La conferenza stampa ha svelato il contrasto. I toni non erano amichevoli. Cinzia Paolillo, redattrice di Zeroviolenzadonne, ha contestato la dittatura del comitato: «È un’impostazione che esclude. Tutta giocata sull’immagine materna della donna che noi non condividiamo». La direttrice del Secolo sbotta: «Ma perché siete così incazzate voi?». La risposta arriva subito. Le femministe, che rivendicano questo titolo, non condividono che l’appello sia rivolto solo alle cittadine italiane: «Che cosa facciamo con le migranti e le straniere.
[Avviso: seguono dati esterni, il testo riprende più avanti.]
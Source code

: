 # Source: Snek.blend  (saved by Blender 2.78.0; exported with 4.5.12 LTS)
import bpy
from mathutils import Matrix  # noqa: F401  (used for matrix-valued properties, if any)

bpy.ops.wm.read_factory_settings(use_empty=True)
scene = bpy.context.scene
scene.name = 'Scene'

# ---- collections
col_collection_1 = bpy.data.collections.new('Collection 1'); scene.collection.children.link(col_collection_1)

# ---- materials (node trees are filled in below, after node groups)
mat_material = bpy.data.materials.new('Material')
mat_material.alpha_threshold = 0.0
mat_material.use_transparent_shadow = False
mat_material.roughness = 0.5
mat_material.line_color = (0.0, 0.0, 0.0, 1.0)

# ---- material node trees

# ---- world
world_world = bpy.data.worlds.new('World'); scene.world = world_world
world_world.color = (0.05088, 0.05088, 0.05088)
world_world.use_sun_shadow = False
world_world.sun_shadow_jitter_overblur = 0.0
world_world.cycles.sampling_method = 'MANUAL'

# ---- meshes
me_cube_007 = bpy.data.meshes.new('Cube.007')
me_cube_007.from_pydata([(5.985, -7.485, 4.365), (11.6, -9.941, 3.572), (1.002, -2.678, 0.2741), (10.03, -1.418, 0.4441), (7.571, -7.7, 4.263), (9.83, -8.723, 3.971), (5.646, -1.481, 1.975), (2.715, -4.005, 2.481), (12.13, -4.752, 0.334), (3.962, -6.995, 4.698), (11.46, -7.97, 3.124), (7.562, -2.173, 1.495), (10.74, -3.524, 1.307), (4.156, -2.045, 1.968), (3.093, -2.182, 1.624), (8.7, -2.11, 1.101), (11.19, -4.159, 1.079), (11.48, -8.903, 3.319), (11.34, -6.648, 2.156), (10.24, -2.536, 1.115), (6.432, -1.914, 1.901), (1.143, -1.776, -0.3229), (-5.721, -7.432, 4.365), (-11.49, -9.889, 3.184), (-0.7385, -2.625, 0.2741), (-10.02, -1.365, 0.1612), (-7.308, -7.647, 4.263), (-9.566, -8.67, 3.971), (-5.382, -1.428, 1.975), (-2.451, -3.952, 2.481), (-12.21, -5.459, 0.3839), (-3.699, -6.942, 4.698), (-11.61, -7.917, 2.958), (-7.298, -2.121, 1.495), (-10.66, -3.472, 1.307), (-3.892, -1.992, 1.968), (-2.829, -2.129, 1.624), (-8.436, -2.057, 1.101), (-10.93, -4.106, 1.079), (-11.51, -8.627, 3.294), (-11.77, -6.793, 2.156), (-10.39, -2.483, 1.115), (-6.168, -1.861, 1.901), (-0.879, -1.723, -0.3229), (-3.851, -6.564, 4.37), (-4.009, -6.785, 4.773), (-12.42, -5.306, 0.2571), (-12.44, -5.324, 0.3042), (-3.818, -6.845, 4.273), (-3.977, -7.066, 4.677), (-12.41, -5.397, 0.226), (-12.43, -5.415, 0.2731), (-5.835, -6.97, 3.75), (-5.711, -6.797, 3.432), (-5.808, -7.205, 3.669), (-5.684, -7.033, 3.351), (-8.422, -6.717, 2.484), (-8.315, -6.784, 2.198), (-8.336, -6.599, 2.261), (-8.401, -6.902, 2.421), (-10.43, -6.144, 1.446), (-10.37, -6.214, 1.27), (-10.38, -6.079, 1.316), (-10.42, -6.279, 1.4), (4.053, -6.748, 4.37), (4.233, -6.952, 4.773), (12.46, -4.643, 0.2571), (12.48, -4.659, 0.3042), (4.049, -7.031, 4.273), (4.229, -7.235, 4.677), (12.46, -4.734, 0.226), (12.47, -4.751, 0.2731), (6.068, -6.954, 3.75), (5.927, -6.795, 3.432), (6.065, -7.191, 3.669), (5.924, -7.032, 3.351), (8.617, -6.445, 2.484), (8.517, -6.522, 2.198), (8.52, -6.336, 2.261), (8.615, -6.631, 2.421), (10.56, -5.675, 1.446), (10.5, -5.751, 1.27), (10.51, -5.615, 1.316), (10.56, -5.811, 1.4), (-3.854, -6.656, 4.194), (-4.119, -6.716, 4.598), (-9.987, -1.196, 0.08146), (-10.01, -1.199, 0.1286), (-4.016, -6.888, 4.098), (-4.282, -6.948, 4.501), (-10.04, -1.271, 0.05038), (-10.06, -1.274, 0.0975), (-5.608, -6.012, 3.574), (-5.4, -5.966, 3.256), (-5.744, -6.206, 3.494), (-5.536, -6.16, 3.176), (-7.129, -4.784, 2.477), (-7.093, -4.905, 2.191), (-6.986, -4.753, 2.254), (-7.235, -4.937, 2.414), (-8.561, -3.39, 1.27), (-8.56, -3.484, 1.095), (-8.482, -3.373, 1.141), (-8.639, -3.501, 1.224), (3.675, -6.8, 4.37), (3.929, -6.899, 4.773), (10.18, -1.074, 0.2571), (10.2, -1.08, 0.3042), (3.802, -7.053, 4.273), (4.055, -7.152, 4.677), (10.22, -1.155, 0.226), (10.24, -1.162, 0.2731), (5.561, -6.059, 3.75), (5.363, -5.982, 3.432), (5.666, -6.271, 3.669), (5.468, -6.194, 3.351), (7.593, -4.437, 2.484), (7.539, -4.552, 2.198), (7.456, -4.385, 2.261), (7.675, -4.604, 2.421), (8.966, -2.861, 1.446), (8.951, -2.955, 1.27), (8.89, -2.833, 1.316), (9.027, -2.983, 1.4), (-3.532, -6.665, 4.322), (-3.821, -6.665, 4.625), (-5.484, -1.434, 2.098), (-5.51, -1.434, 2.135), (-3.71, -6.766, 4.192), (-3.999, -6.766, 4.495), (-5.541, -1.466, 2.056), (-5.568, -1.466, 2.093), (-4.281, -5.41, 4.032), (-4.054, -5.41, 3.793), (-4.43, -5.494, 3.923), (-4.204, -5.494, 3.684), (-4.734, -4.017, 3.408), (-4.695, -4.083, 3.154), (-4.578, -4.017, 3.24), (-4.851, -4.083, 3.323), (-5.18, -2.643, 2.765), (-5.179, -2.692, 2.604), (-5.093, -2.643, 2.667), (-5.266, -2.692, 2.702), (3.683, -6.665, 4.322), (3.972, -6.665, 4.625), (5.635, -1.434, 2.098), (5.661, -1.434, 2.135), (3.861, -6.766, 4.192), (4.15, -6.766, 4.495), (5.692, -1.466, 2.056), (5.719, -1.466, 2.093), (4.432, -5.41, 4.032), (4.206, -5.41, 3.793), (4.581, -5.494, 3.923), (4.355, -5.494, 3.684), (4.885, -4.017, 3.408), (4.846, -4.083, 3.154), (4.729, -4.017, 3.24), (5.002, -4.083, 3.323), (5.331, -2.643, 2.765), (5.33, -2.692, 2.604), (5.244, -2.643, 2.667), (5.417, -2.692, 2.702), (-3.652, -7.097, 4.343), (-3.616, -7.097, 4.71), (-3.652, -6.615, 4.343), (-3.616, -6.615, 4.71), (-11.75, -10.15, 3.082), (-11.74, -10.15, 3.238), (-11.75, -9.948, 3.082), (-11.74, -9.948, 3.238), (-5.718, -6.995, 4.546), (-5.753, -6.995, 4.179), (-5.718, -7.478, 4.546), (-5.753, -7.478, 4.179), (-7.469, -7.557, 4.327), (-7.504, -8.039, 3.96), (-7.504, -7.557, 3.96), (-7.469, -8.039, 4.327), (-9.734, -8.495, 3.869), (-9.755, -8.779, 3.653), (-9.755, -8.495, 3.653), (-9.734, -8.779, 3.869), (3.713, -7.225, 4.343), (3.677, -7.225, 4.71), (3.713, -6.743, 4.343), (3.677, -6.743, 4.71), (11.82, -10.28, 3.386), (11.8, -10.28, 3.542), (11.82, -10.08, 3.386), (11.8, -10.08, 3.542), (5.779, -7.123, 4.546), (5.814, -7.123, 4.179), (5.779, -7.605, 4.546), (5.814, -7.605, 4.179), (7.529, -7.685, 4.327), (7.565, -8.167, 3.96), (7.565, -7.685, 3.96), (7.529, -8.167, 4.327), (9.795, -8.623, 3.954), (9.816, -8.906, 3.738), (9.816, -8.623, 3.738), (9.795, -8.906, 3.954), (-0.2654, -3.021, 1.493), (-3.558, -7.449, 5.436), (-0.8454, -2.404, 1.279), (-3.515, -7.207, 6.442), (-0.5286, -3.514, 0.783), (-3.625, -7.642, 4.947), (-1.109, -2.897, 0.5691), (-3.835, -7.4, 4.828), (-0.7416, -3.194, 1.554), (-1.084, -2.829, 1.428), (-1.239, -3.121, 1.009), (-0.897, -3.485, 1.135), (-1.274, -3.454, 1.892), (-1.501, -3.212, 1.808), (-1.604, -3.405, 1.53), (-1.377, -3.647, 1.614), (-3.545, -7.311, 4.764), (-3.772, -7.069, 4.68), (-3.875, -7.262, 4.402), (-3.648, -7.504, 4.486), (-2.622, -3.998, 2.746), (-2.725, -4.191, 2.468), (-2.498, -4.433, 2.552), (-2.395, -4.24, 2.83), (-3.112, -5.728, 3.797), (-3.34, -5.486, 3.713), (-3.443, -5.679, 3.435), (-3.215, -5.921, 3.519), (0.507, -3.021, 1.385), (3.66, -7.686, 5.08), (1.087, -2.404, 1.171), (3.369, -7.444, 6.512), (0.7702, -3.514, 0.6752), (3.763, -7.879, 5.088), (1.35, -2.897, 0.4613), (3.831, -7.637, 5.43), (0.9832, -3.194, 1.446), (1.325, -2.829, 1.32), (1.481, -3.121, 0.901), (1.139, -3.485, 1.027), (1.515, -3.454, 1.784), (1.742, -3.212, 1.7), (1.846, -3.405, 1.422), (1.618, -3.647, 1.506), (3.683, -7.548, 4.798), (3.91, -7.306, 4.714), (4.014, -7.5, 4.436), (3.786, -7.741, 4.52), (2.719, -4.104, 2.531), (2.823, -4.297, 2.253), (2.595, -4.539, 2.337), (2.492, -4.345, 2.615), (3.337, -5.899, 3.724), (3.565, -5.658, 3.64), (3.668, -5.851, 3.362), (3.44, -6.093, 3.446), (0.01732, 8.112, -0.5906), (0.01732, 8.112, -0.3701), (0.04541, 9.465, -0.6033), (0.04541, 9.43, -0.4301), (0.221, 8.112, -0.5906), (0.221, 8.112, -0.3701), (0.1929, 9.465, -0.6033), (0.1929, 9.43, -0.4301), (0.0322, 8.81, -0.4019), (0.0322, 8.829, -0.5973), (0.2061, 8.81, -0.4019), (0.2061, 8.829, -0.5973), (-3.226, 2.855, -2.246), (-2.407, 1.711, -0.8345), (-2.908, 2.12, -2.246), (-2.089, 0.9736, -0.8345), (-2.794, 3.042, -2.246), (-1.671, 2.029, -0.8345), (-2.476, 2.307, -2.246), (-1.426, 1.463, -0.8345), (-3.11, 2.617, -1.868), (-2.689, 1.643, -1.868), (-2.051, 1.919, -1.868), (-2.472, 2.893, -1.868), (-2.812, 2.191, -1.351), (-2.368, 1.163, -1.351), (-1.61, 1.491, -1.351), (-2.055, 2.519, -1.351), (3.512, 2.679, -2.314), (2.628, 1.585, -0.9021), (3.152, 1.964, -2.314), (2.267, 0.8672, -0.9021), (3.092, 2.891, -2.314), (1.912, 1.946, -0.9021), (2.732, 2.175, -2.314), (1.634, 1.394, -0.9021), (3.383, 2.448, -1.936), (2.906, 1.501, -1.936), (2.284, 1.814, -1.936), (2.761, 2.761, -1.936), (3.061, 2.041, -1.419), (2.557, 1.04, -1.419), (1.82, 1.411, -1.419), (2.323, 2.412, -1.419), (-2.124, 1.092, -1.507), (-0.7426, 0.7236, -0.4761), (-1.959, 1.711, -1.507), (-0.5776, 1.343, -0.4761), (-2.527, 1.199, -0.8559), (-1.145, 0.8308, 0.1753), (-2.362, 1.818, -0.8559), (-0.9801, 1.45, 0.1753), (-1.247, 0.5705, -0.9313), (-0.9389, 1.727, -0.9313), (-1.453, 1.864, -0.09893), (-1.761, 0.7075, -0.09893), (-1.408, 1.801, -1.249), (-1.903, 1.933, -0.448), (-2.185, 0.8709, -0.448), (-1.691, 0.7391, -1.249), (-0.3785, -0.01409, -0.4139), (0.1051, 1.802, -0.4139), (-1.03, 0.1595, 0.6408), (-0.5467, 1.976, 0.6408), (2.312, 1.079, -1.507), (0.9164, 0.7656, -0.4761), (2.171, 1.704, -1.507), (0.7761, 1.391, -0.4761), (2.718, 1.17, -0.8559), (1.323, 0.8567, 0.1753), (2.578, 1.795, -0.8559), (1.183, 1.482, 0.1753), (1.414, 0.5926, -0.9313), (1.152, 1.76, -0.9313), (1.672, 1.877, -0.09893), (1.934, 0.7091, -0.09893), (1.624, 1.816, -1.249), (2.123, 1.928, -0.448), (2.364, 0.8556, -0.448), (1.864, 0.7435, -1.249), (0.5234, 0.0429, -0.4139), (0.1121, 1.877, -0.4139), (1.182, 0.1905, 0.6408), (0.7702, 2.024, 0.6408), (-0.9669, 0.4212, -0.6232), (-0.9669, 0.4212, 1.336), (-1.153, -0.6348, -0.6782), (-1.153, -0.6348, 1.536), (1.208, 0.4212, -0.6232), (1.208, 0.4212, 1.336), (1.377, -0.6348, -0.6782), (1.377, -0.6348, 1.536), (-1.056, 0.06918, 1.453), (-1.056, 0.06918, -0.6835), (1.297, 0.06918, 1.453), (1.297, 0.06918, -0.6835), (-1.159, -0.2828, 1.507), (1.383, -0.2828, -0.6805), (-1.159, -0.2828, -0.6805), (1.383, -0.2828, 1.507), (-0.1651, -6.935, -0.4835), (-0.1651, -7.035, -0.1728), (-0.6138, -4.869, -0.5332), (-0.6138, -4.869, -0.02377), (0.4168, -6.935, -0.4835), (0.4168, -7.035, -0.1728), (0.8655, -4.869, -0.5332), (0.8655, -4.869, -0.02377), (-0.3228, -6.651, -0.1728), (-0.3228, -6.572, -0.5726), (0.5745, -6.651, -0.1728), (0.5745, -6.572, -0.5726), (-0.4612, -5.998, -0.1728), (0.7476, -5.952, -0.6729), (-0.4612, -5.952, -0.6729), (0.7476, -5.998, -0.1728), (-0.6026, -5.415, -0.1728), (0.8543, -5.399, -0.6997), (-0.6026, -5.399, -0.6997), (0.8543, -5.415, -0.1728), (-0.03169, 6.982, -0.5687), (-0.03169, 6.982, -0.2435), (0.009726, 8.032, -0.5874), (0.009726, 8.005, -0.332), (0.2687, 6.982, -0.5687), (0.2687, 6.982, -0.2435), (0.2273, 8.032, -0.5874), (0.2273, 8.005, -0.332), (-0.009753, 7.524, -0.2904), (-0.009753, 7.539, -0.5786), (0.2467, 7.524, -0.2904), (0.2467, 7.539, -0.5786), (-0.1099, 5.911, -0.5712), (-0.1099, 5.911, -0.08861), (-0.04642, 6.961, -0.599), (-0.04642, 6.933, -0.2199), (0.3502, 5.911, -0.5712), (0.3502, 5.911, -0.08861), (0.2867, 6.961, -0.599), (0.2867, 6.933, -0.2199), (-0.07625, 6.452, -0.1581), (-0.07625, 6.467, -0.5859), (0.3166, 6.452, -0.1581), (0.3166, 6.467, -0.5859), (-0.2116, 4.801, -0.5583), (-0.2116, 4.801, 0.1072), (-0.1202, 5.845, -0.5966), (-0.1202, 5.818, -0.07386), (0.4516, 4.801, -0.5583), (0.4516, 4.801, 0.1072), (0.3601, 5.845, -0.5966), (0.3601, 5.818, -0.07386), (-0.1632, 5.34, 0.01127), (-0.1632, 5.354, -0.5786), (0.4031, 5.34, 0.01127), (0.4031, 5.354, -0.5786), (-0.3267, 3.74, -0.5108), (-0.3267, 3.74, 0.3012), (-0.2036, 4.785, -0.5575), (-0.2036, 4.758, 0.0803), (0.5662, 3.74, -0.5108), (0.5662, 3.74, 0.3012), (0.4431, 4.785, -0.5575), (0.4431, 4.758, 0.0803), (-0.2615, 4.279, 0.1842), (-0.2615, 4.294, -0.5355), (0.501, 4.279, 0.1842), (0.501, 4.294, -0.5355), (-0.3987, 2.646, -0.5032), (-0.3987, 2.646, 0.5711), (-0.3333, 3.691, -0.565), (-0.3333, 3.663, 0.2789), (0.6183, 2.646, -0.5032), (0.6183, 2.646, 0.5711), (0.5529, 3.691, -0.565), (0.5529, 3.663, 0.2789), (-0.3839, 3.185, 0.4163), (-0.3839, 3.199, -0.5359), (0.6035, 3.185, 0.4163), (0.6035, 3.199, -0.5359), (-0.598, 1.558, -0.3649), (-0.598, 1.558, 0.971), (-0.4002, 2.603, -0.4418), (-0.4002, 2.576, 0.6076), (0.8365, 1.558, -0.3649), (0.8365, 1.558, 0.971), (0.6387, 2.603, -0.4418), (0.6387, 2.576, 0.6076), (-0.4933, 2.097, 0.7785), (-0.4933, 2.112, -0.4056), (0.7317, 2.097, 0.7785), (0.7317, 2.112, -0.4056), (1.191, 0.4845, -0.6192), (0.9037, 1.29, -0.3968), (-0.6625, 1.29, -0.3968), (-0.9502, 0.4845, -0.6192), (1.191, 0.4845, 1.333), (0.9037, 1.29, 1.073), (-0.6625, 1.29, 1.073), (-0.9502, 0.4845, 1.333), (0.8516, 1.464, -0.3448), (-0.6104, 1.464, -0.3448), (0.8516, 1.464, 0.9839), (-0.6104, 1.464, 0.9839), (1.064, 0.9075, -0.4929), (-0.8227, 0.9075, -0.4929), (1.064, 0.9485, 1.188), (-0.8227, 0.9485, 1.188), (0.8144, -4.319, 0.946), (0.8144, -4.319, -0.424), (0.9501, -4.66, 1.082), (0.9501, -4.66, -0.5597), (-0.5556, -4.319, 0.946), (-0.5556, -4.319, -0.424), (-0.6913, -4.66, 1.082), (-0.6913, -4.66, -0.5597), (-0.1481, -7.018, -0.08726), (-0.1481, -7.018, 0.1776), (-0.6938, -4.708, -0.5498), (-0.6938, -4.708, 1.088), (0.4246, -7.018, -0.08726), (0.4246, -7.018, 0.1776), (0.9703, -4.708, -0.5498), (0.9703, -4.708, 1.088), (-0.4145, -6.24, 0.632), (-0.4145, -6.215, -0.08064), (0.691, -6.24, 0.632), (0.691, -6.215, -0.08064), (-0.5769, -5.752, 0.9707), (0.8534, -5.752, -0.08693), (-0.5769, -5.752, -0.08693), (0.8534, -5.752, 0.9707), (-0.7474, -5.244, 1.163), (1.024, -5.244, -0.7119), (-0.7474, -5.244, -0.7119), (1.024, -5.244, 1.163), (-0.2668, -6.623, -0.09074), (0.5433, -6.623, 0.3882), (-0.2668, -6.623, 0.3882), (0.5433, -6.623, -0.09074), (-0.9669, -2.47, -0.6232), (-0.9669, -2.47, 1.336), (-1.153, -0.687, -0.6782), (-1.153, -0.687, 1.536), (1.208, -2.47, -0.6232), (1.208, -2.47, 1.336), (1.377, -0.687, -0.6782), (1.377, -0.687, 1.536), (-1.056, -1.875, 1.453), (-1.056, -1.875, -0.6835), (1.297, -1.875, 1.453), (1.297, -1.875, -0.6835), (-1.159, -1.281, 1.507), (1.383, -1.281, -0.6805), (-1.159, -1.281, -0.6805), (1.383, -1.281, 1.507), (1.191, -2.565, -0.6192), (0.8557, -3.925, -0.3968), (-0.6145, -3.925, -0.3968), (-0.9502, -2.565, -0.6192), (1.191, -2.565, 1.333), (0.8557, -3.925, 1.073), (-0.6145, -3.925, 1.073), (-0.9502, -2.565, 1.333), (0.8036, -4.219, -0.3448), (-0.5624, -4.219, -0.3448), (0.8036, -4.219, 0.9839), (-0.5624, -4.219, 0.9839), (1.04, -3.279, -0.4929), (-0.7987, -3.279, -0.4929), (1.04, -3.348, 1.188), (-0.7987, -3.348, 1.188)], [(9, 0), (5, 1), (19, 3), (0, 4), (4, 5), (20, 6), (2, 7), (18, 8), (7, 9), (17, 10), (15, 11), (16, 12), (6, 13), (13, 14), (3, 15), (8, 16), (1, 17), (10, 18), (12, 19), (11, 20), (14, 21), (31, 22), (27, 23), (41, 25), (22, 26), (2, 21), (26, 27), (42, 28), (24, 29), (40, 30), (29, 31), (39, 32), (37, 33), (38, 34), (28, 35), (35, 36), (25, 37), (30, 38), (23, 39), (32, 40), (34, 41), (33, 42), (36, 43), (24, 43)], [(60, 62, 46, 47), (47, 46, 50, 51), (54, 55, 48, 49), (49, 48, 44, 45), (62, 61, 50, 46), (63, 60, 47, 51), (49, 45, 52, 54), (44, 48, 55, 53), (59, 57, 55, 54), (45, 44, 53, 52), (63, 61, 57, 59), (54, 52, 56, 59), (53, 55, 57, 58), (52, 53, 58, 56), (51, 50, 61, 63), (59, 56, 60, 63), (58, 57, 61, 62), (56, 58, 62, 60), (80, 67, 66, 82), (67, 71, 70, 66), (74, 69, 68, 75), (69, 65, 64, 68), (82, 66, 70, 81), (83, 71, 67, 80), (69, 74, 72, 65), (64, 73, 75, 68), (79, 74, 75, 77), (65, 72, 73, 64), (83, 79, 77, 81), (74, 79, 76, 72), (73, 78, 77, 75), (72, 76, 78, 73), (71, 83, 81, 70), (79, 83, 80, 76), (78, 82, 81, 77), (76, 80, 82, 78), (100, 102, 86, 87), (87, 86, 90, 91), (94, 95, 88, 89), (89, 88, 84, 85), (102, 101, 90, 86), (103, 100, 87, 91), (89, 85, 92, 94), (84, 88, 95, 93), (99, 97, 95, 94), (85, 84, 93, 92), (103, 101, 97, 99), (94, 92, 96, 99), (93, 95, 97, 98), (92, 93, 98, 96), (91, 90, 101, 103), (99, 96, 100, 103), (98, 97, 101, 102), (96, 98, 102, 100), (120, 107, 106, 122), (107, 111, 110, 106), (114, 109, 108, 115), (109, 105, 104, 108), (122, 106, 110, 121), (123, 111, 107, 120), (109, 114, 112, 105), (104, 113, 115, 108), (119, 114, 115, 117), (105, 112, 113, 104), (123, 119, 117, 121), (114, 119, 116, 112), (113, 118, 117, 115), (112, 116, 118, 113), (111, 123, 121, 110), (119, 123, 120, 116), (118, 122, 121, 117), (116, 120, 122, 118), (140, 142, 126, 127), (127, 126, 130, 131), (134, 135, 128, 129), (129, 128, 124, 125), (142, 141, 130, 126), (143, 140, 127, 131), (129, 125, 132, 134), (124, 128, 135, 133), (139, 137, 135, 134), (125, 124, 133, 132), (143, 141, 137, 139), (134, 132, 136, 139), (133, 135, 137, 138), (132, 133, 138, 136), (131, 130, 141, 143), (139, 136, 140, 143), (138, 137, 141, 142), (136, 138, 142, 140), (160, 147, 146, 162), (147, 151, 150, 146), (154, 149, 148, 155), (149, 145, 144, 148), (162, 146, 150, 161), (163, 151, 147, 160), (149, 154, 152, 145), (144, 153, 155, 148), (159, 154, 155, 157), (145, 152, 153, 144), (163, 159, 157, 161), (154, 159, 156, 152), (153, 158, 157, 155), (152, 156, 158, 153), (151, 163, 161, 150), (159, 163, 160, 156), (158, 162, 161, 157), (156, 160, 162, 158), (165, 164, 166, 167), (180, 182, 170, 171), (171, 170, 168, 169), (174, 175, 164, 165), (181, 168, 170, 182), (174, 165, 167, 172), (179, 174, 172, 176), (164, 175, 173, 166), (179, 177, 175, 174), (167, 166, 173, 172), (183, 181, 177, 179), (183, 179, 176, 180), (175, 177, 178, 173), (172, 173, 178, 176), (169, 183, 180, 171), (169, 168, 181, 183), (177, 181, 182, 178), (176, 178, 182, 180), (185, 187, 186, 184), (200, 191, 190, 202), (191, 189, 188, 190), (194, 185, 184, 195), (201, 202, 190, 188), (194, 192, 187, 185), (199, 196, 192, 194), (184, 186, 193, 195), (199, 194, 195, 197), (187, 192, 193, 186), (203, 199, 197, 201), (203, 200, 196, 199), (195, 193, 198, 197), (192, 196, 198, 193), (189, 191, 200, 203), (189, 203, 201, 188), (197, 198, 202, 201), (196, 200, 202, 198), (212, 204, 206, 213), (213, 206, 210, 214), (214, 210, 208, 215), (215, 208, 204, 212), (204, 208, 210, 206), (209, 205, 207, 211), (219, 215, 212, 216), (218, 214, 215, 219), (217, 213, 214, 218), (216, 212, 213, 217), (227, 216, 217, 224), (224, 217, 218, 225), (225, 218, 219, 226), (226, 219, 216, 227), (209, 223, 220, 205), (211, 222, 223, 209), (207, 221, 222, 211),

Non sono donne loro?». Ma soprattutto rifiutano la maschera: «Nel senso comune degli italiani le donne sono spesso considerate come sante o puttane. Il comitato sembra suggerire che o sono mamme, come la mamma Rosa di Berlusconi, o sono papi-girls, come quelle dell’Olgettina. Ma le donne non sono così. Queste gabbie ci stanno strette».
Il problema è che gli interessi sono diversi. Flavia Perina e Giulia Bongiorno scendono in piazza per difendere la loro carriera politica. Si sono sentite scavalcate e messe da parte. Temono che il velinismo le cacci dal palazzo. Come dice la Perina: «Noi ci battiamo contro l’idea che la selezione della rappresentazione femminile avvenga col metodo Mora». Il suo leader Fini parla di «metodo Minetti». È l’orgoglio del professionismo politico. I voti non si contano ma si pesano.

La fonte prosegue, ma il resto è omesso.